- [REQUIRED ACTION]
Repeat exactly, and only, the lines below starting at the line that contains "line L39 (-1.3009, -2.9815)" and ending at the line that contains "line L51 (-3.2375, 0.3159)", inclusive of both.

Dataset items:

▽

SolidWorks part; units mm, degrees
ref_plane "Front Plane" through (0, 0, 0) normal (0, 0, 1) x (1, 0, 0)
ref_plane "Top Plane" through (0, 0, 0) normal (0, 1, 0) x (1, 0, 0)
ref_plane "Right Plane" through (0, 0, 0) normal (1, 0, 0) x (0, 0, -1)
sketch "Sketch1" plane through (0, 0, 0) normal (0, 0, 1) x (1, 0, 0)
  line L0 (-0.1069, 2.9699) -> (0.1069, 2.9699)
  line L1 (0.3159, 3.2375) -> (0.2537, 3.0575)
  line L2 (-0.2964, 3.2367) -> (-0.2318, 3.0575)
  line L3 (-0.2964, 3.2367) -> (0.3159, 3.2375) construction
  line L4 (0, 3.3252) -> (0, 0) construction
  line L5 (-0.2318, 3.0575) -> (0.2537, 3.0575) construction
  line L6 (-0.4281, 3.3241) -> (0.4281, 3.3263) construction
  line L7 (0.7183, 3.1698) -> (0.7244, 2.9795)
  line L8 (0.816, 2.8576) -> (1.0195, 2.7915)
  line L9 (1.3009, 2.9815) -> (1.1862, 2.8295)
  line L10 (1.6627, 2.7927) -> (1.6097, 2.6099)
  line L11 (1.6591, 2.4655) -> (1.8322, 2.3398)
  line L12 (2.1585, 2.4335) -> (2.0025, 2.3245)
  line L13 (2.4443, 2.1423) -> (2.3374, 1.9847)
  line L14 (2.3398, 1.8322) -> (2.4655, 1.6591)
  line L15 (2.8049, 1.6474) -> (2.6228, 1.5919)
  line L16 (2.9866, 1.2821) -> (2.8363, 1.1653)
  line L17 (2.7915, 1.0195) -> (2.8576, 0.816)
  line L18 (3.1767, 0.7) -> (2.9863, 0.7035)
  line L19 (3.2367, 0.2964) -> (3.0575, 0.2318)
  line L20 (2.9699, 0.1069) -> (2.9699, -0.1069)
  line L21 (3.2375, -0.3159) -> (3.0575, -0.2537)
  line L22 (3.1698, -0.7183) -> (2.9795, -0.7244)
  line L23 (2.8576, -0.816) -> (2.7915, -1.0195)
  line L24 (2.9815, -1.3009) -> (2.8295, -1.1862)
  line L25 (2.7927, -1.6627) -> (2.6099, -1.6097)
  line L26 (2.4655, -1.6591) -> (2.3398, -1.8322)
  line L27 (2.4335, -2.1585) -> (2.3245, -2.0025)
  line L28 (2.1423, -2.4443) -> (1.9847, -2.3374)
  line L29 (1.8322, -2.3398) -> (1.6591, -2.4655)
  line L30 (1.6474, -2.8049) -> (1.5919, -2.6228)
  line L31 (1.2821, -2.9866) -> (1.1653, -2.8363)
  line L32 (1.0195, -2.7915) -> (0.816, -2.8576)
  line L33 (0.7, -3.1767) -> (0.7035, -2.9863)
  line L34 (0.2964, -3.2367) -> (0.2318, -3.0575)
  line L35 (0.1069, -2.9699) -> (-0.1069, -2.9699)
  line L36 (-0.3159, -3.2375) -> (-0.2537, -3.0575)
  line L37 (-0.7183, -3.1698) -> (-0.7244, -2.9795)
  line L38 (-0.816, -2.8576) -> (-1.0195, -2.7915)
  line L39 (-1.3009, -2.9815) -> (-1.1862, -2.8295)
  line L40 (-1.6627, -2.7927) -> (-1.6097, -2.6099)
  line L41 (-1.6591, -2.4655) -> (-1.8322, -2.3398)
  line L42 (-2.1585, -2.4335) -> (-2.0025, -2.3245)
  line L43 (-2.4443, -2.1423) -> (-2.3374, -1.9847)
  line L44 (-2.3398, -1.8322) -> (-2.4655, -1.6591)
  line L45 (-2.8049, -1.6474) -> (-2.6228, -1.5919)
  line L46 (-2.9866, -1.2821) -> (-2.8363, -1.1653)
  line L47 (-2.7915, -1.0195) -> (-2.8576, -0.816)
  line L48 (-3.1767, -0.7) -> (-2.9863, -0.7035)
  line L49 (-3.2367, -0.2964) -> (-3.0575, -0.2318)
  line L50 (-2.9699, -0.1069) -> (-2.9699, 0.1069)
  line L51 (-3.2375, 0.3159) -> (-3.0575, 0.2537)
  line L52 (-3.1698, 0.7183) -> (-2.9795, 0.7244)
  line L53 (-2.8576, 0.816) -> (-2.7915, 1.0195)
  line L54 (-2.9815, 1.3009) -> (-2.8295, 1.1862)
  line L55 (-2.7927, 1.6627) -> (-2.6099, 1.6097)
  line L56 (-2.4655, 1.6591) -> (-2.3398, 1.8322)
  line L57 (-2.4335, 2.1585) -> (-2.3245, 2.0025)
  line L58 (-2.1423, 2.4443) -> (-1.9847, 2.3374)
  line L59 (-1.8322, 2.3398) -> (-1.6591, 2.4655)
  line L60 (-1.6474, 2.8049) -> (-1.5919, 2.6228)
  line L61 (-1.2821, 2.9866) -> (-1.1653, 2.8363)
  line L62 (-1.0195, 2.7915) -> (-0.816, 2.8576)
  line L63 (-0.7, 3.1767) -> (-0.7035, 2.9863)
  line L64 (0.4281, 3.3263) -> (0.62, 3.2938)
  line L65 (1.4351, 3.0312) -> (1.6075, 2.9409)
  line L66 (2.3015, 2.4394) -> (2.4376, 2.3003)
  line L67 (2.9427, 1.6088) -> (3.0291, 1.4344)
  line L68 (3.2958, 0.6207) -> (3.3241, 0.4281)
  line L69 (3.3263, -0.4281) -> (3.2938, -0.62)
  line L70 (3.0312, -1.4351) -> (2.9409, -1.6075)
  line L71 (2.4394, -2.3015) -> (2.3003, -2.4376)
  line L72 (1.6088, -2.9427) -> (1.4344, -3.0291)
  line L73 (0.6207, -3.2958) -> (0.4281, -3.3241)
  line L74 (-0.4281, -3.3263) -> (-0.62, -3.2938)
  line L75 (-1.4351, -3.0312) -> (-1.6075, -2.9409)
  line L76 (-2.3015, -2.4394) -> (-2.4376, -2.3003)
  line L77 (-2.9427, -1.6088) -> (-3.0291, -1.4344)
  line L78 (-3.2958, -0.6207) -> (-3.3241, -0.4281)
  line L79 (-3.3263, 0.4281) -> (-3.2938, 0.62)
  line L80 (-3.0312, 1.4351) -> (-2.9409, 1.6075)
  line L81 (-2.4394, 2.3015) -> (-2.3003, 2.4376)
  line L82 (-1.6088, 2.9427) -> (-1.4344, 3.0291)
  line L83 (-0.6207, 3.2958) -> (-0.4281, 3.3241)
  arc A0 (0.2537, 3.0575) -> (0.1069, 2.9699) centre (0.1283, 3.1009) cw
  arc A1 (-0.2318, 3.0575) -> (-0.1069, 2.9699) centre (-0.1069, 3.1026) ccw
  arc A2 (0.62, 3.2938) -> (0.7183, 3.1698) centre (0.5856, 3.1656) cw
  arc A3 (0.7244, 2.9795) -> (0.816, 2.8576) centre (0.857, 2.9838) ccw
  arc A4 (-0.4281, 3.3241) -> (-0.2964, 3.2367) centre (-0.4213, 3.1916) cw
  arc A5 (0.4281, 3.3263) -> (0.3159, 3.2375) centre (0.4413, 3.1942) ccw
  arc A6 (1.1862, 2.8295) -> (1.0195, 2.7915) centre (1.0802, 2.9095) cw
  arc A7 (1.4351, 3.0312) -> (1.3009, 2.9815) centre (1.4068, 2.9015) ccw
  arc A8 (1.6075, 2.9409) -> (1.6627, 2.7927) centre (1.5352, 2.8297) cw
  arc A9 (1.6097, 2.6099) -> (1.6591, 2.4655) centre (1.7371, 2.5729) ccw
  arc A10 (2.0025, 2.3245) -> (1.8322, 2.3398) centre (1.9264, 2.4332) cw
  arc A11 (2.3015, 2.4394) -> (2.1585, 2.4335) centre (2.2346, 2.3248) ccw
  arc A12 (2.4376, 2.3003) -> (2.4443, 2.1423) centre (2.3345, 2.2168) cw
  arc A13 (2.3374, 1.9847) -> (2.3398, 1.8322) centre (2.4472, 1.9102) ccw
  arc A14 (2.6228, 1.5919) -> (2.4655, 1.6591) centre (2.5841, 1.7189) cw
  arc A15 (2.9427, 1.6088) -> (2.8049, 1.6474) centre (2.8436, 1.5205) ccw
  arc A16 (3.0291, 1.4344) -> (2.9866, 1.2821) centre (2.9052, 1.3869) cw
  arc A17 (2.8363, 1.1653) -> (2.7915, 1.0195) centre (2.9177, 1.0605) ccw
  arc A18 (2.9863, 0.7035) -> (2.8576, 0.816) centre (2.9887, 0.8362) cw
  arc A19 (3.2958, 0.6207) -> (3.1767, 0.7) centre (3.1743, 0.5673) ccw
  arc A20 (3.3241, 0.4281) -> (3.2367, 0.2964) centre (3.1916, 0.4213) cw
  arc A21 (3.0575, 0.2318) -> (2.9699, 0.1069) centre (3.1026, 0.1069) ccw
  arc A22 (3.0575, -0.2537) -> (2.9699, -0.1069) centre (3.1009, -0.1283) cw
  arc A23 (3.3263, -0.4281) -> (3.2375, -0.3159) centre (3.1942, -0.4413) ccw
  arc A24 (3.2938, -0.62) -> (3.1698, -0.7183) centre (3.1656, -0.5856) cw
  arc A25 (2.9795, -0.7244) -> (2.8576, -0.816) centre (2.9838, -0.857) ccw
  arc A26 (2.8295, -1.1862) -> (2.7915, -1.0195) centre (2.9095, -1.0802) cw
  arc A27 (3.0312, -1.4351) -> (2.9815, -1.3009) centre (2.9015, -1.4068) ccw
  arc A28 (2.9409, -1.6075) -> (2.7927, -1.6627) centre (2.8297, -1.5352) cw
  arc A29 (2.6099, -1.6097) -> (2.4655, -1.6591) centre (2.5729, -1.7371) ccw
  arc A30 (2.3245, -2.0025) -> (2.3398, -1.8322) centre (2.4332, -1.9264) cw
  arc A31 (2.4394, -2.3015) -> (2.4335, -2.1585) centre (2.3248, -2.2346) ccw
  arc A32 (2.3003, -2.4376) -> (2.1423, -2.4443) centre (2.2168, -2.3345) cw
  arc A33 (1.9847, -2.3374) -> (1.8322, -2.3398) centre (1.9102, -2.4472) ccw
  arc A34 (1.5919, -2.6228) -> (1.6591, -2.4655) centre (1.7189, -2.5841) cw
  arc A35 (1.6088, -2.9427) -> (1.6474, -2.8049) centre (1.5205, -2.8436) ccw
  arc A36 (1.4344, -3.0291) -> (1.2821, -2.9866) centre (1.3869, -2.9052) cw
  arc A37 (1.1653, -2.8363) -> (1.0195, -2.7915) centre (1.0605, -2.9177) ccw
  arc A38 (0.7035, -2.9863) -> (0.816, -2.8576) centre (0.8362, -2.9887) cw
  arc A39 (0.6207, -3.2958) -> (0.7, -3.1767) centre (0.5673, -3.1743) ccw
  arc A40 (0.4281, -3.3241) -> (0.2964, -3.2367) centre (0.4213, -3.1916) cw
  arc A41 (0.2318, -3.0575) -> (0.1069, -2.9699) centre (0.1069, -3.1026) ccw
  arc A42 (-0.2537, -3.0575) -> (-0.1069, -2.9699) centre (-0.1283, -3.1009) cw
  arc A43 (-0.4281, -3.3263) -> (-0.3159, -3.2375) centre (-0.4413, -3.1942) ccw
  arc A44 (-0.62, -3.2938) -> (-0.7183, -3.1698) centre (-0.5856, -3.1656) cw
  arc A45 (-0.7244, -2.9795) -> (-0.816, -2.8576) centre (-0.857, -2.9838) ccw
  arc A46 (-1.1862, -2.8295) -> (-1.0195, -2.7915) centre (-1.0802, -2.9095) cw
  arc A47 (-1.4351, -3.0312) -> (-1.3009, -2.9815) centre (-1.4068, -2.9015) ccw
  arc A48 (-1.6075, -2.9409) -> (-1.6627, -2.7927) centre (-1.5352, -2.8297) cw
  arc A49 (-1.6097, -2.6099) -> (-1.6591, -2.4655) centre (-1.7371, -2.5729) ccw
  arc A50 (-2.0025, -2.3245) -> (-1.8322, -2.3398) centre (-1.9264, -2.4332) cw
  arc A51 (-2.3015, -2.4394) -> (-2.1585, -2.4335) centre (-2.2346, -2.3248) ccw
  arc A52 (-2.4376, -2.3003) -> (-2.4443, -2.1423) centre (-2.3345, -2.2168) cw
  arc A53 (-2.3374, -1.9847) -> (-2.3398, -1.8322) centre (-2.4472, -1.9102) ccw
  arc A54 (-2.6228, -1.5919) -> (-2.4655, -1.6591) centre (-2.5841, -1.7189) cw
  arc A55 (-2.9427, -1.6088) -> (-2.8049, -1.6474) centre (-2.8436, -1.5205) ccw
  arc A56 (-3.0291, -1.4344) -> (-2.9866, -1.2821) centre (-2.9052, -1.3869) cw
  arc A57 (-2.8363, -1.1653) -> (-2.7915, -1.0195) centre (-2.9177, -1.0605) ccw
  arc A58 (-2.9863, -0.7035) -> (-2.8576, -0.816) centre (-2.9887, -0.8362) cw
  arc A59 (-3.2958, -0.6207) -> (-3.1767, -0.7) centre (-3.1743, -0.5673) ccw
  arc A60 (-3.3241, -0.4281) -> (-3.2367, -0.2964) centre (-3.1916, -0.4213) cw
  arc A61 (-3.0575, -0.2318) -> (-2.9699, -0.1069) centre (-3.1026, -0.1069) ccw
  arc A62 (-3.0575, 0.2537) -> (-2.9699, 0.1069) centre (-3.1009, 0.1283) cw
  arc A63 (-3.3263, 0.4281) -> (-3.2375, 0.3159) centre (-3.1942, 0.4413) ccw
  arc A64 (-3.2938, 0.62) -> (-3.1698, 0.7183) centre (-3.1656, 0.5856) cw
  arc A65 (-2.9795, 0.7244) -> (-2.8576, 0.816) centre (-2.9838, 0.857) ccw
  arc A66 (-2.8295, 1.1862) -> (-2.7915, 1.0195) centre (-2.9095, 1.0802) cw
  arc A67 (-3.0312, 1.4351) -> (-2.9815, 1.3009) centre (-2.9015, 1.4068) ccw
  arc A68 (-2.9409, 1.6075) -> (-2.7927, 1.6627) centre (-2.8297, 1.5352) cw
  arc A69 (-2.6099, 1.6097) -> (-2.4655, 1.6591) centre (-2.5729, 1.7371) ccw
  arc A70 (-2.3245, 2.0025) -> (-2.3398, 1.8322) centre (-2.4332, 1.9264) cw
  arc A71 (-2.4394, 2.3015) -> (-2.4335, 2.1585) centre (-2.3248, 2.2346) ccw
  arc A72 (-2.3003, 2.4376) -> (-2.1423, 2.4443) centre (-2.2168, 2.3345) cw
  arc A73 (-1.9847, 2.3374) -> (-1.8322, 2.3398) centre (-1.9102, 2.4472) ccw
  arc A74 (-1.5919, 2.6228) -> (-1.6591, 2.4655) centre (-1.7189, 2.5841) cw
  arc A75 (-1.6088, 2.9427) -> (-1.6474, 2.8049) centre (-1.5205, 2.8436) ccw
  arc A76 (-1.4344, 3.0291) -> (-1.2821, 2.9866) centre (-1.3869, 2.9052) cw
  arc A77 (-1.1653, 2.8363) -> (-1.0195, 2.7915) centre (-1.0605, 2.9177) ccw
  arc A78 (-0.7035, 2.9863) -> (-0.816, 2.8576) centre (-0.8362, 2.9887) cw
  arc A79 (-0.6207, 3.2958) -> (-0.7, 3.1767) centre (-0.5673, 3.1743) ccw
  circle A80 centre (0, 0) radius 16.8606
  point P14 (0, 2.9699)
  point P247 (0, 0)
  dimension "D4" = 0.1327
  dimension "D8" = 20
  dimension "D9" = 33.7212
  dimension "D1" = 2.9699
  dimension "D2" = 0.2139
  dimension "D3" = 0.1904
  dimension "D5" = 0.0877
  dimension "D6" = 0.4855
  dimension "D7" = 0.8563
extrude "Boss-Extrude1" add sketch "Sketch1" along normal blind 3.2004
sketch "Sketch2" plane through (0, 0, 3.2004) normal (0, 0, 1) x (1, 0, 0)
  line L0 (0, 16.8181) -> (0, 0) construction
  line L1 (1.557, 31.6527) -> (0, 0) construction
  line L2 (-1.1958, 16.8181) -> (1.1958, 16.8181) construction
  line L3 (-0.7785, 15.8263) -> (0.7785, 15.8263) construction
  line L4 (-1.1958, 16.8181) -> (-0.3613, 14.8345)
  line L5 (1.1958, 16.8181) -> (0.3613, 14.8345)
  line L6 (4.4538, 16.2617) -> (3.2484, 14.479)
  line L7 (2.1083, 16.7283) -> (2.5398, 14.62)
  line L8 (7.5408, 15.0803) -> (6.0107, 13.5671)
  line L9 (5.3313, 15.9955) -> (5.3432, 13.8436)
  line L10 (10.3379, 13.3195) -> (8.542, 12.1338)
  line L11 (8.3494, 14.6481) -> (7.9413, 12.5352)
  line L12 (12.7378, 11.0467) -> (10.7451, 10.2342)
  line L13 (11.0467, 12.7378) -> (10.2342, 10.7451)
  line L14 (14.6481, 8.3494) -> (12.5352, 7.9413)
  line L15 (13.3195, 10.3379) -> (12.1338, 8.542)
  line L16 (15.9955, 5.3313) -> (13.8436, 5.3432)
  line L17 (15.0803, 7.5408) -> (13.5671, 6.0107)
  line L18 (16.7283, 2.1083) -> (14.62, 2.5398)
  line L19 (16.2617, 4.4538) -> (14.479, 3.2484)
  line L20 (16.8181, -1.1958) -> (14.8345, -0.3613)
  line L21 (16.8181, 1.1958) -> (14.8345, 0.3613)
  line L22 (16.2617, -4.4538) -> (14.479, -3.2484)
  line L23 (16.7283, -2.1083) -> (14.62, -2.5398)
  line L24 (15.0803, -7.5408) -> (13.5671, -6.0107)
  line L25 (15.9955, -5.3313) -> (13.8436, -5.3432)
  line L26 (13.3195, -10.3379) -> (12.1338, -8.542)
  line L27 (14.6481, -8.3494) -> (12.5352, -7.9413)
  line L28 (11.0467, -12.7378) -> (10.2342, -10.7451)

△

- [TASK SOLUTION]
  line L39 (-1.3009, -2.9815) -> (-1.1862, -2.8295)
  line L40 (-1.6627, -2.7927) -> (-1.6097, -2.6099)
  line L41 (-1.6591, -2.4655) -> (-1.8322, -2.3398)
  line L42 (-2.1585, -2.4335) -> (-2.0025, -2.3245)
  line L43 (-2.4443, -2.1423) -> (-2.3374, -1.9847)
  line L44 (-2.3398, -1.8322) -> (-2.4655, -1.6591)
  line L45 (-2.8049, -1.6474) -> (-2.6228, -1.5919)
  line L46 (-2.9866, -1.2821) -> (-2.8363, -1.1653)
  line L47 (-2.7915, -1.0195) -> (-2.8576, -0.816)
  line L48 (-3.1767, -0.7) -> (-2.9863, -0.7035)
  line L49 (-3.2367, -0.2964) -> (-3.0575, -0.2318)
  line L50 (-2.9699, -0.1069) -> (-2.9699, 0.1069)
  line L51 (-3.2375, 0.3159) -> (-3.0575, 0.2537)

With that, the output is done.